Description of the task> Character for character, transcribe the entries below, minus the images.
━━━━━ Extracted entries ━━━━━
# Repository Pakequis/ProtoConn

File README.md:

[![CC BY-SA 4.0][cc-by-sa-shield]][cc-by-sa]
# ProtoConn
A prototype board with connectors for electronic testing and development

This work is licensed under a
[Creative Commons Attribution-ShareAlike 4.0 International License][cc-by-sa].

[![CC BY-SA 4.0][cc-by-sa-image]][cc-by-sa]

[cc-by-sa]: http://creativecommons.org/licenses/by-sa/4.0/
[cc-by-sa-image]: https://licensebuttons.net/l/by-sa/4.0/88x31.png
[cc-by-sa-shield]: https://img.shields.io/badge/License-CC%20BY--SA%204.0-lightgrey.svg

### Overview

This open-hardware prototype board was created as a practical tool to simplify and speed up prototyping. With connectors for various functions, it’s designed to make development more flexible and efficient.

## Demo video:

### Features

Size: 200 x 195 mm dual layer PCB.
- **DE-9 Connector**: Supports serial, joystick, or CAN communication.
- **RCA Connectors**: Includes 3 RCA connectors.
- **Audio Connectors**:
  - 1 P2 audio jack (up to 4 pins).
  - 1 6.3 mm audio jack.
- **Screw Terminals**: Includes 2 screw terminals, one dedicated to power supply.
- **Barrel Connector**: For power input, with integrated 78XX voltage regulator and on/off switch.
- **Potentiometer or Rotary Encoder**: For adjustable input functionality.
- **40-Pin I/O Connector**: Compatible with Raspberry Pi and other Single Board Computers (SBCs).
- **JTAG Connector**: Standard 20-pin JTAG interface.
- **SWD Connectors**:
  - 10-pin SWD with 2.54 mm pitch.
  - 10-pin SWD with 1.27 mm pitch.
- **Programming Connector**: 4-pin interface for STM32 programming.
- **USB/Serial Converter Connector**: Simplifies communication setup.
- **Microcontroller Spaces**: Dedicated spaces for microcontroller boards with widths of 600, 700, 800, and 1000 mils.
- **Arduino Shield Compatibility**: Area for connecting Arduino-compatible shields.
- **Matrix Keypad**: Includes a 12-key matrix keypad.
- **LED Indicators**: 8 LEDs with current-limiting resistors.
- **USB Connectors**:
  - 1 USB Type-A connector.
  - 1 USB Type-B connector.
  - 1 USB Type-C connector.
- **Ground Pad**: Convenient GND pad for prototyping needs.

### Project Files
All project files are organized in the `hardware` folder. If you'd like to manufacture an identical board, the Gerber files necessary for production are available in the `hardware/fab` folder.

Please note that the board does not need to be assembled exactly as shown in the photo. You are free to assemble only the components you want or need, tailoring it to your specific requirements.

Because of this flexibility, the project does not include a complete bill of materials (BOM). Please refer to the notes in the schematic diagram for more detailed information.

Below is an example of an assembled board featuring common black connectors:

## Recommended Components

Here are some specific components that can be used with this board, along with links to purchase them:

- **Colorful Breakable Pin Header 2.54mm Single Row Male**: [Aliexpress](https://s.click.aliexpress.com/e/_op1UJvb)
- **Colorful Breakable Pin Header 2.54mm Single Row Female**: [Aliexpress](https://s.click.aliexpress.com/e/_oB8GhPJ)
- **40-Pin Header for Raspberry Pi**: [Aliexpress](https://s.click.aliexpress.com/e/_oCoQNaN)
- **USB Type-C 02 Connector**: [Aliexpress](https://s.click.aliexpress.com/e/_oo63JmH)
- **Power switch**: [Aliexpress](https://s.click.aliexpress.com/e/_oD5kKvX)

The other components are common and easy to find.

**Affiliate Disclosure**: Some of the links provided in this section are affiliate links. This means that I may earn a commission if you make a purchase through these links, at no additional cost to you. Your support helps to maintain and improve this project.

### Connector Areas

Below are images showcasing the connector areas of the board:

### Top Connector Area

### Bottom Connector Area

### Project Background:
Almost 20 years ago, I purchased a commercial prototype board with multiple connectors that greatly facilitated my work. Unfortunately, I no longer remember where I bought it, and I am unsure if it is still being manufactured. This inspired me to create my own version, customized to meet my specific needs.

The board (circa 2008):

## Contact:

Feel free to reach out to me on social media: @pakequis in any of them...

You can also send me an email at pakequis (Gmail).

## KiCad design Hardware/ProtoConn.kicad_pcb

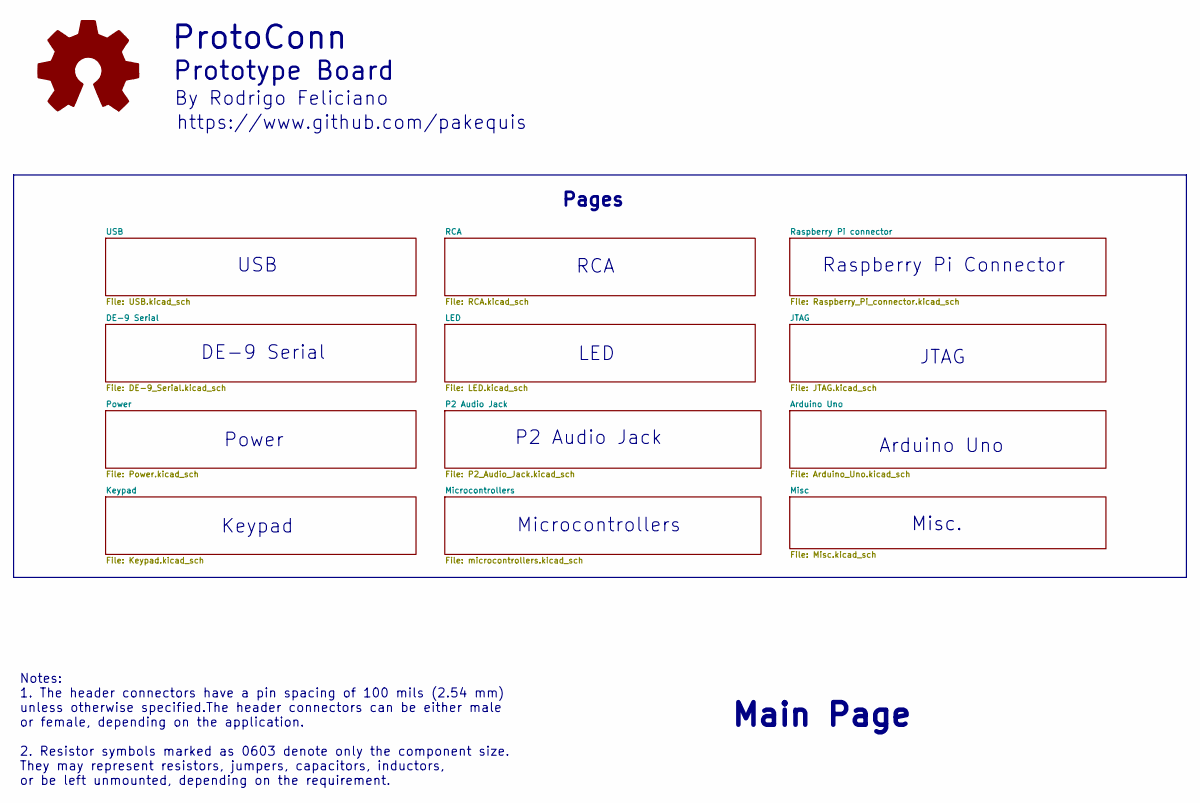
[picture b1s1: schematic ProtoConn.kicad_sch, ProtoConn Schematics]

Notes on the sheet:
USB
Main Page
P2 Audio Jack
Arduino Uno
Microcontrollers
Notes: 1. The header connectors have a pin spacing of 100 mils (2.54 mm) unless otherwise specified.The header connectors can be either male or female, depending on the application. 2. Resistor symbols marked as 0603 denote only the component size. They may represent resistors, jumpers, capacitors,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
Pages
Raspberry Pi Connector
https://www.github.com/pakequis
RCA
Power
JTAG
Keypad
DE-9 Serial
Misc.
LED
Prototype Board
ProtoConn
By Rodrigo Feliciano

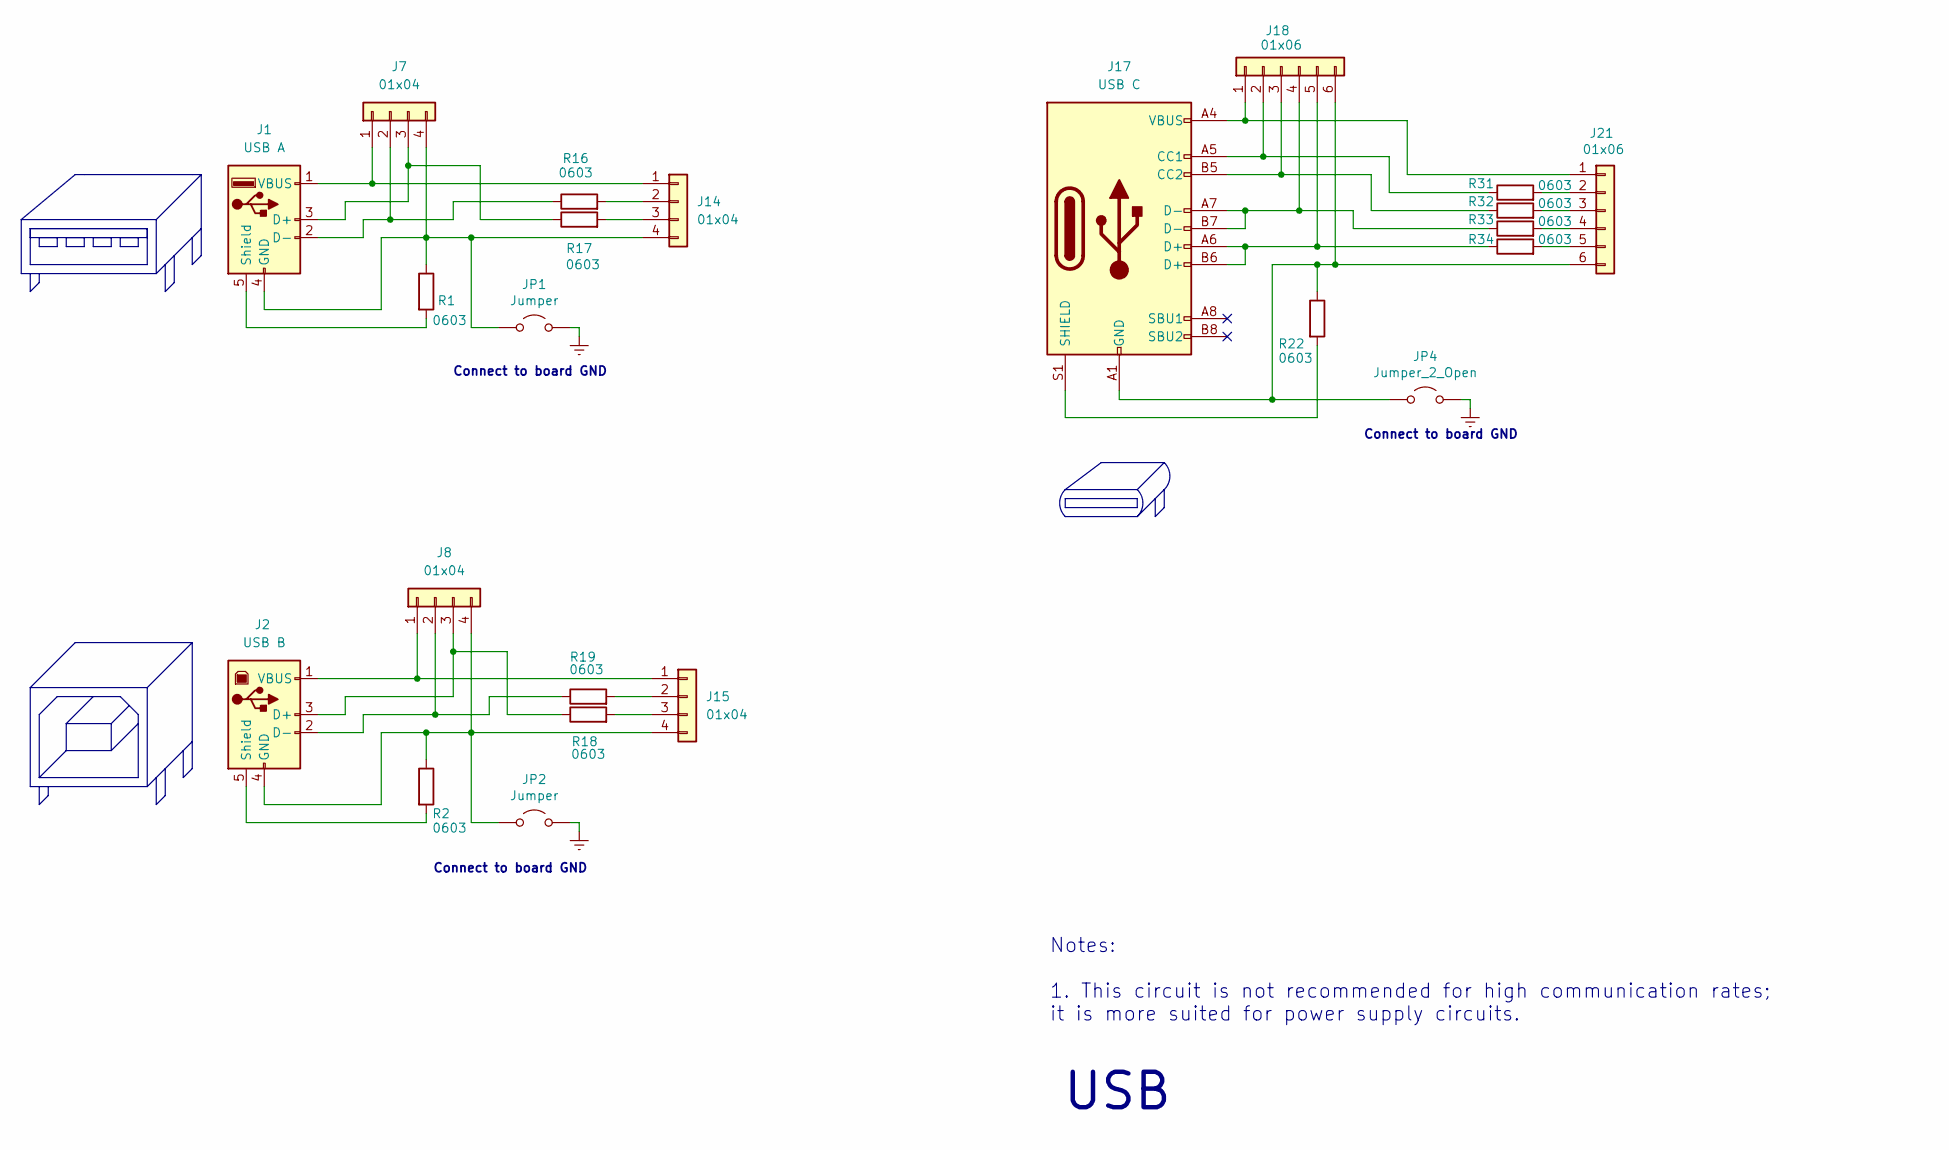
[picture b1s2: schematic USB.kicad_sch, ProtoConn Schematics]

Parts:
J1: USB A; USB_A_CONNFLY_DS1095-WNR0
J2: USB B; USB_B_Lumberg_2411_02_Horizontal
J7, J8, J14, J15: 01x04; PinHeader_1x04_P2.54mm_Vertical
J17: USB C; USB_C_Receptacle_HRO_TYPE-C-31-M-12
J18, J21: 01x06; PinHeader_1x06_P2.54mm_Vertical
JP1, JP2: Jumper; PinHeader_1x02_P2.54mm_Vertical
JP4: Jumper_2_Open; PinHeader_1x02_P2.54mm_Vertical
R1, R2, R16, R17, R18, R19, R22, R31, R32, R33, R34: 0603; R_0603_1608Metric_Pad0.98x0.95mm_HandSolder

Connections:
GNDREF: JP1.1 (A), JP2.1 (A), JP4.1 (A); also elsewhere on the board
unnamed: J1.3 (D+), J7.3, R17.1
unnamed: J1.2 (D-), J7.2, R16.1
unnamed: J1.4 (GND), J7.4, J14.4, JP1.2 (B), R1.1
unnamed: J1.5 (Shield), R1.2
unnamed: J1.1 (VBUS), J7.1, J14.1
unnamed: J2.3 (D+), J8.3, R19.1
━━━━━
Reply to the task>
# Repository Pakequis/ProtoConn

File README.md:

[![CC BY-SA 4.0][cc-by-sa-shield]][cc-by-sa]
# ProtoConn
A prototype board with connectors for electronic testing and development

This work is licensed under a
[Creative Commons Attribution-ShareAlike 4.0 International License][cc-by-sa].

[![CC BY-SA 4.0][cc-by-sa-image]][cc-by-sa]

[cc-by-sa]: http://creativecommons.org/licenses/by-sa/4.0/
[cc-by-sa-image]: https://licensebuttons.net/l/by-sa/4.0/88x31.png
[cc-by-sa-shield]: https://img.shields.io/badge/License-CC%20BY--SA%204.0-lightgrey.svg

### Overview

This open-hardware prototype board was created as a practical tool to simplify and speed up prototyping. With connectors for various functions, it’s designed to make development more flexible and efficient.

## Demo video:

### Features

Size: 200 x 195 mm dual layer PCB.
- **DE-9 Connector**: Supports serial, joystick, or CAN communication.
- **RCA Connectors**: Includes 3 RCA connectors.
- **Audio Connectors**:
  - 1 P2 audio jack (up to 4 pins).
  - 1 6.3 mm audio jack.
- **Screw Terminals**: Includes 2 screw terminals, one dedicated to power supply.
- **Barrel Connector**: For power input, with integrated 78XX voltage regulator and on/off switch.
- **Potentiometer or Rotary Encoder**: For adjustable input functionality.
- **40-Pin I/O Connector**: Compatible with Raspberry Pi and other Single Board Computers (SBCs).
- **JTAG Connector**: Standard 20-pin JTAG interface.
- **SWD Connectors**:
  - 10-pin SWD with 2.54 mm pitch.
  - 10-pin SWD with 1.27 mm pitch.
- **Programming Connector**: 4-pin interface for STM32 programming.
- **USB/Serial Converter Connector**: Simplifies communication setup.
- **Microcontroller Spaces**: Dedicated spaces for microcontroller boards with widths of 600, 700, 800, and 1000 mils.
- **Arduino Shield Compatibility**: Area for connecting Arduino-compatible shields.
- **Matrix Keypad**: Includes a 12-key matrix keypad.
- **LED Indicators**: 8 LEDs with current-limiting resistors.
- **USB Connectors**:
  - 1 USB Type-A connector.
  - 1 USB Type-B connector.
  - 1 USB Type-C connector.
- **Ground Pad**: Convenient GND pad for prototyping needs.

### Project Files
All project files are organized in the `hardware` folder. If you'd like to manufacture an identical board, the Gerber files necessary for production are available in the `hardware/fab` folder.

Please note that the board does not need to be assembled exactly as shown in the photo. You are free to assemble only the components you want or need, tailoring it to your specific requirements.

Because of this flexibility, the project does not include a complete bill of materials (BOM). Please refer to the notes in the schematic diagram for more detailed information.

Below is an example of an assembled board featuring common black connectors:

## Recommended Components

Here are some specific components that can be used with this board, along with links to purchase them:

- **Colorful Breakable Pin Header 2.54mm Single Row Male**: [Aliexpress](https://s.click.aliexpress.com/e/_op1UJvb)
- **Colorful Breakable Pin Header 2.54mm Single Row Female**: [Aliexpress](https://s.click.aliexpress.com/e/_oB8GhPJ)
- **40-Pin Header for Raspberry Pi**: [Aliexpress](https://s.click.aliexpress.com/e/_oCoQNaN)
- **USB Type-C 02 Connector**: [Aliexpress](https://s.click.aliexpress.com/e/_oo63JmH)
- **Power switch**: [Aliexpress](https://s.click.aliexpress.com/e/_oD5kKvX)

The other components are common and easy to find.

**Affiliate Disclosure**: Some of the links provided in this section are affiliate links. This means that I may earn a commission if you make a purchase through these links, at no additional cost to you. Your support helps to maintain and improve this project.

### Connector Areas

Below are images showcasing the connector areas of the board:

### Top Connector Area

### Bottom Connector Area

### Project Background:
Almost 20 years ago, I purchased a commercial prototype board with multiple connectors that greatly facilitated my work. Unfortunately, I no longer remember where I bought it, and I am unsure if it is still being manufactured. This inspired me to create my own version, customized to meet my specific needs.

The board (circa 2008):

## Contact:

Feel free to reach out to me on social media: @pakequis in any of them...

You can also send me an email at pakequis (Gmail).

## KiCad design Hardware/ProtoConn.kicad_pcb

[picture b1s1: schematic ProtoConn.kicad_sch, ProtoConn Schematics]

Notes on the sheet:
USB
Main Page
P2 Audio Jack
Arduino Uno
Microcontrollers
Notes: 1. The header connectors have a pin spacing of 100 mils (2.54 mm) unless otherwise specified.The header connectors can be either male or female, depending on the application. 2. Resistor symbols marked as 0603 denote only the component size. They may represent resistors, jumpers, capacitors,
Pages
Raspberry Pi Connector
https://www.github.com/pakequis
RCA
Power
JTAG
Keypad
DE-9 Serial
Misc.
LED
Prototype Board
ProtoConn
By Rodrigo Feliciano

[picture b1s2: schematic USB.kicad_sch, ProtoConn Schematics]

Parts:
J1: USB A; USB_A_CONNFLY_DS1095-WNR0
J2: USB B; USB_B_Lumberg_2411_02_Horizontal
J7, J8, J14, J15: 01x04; PinHeader_1x04_P2.54mm_Vertical
J17: USB C; USB_C_Receptacle_HRO_TYPE-C-31-M-12
J18, J21: 01x06; PinHeader_1x06_P2.54mm_Vertical
JP1, JP2: Jumper; PinHeader_1x02_P2.54mm_Vertical
JP4: Jumper_2_Open; PinHeader_1x02_P2.54mm_Vertical
R1, R2, R16, R17, R18, R19, R22, R31, R32, R33, R34: 0603; R_0603_1608Metric_Pad0.98x0.95mm_HandSolder

Connections:
GNDREF: JP1.1 (A), JP2.1 (A), JP4.1 (A); also elsewhere on the board
unnamed: J1.3 (D+), J7.3, R17.1
unnamed: J1.2 (D-), J7.2, R16.1
unnamed: J1.4 (GND), J7.4, J14.4, JP1.2 (B), R1.1
unnamed: J1.5 (Shield), R1.2
unnamed: J1.1 (VBUS), J7.1, J14.1
unnamed: J2.3 (D+), J8.3, R19.1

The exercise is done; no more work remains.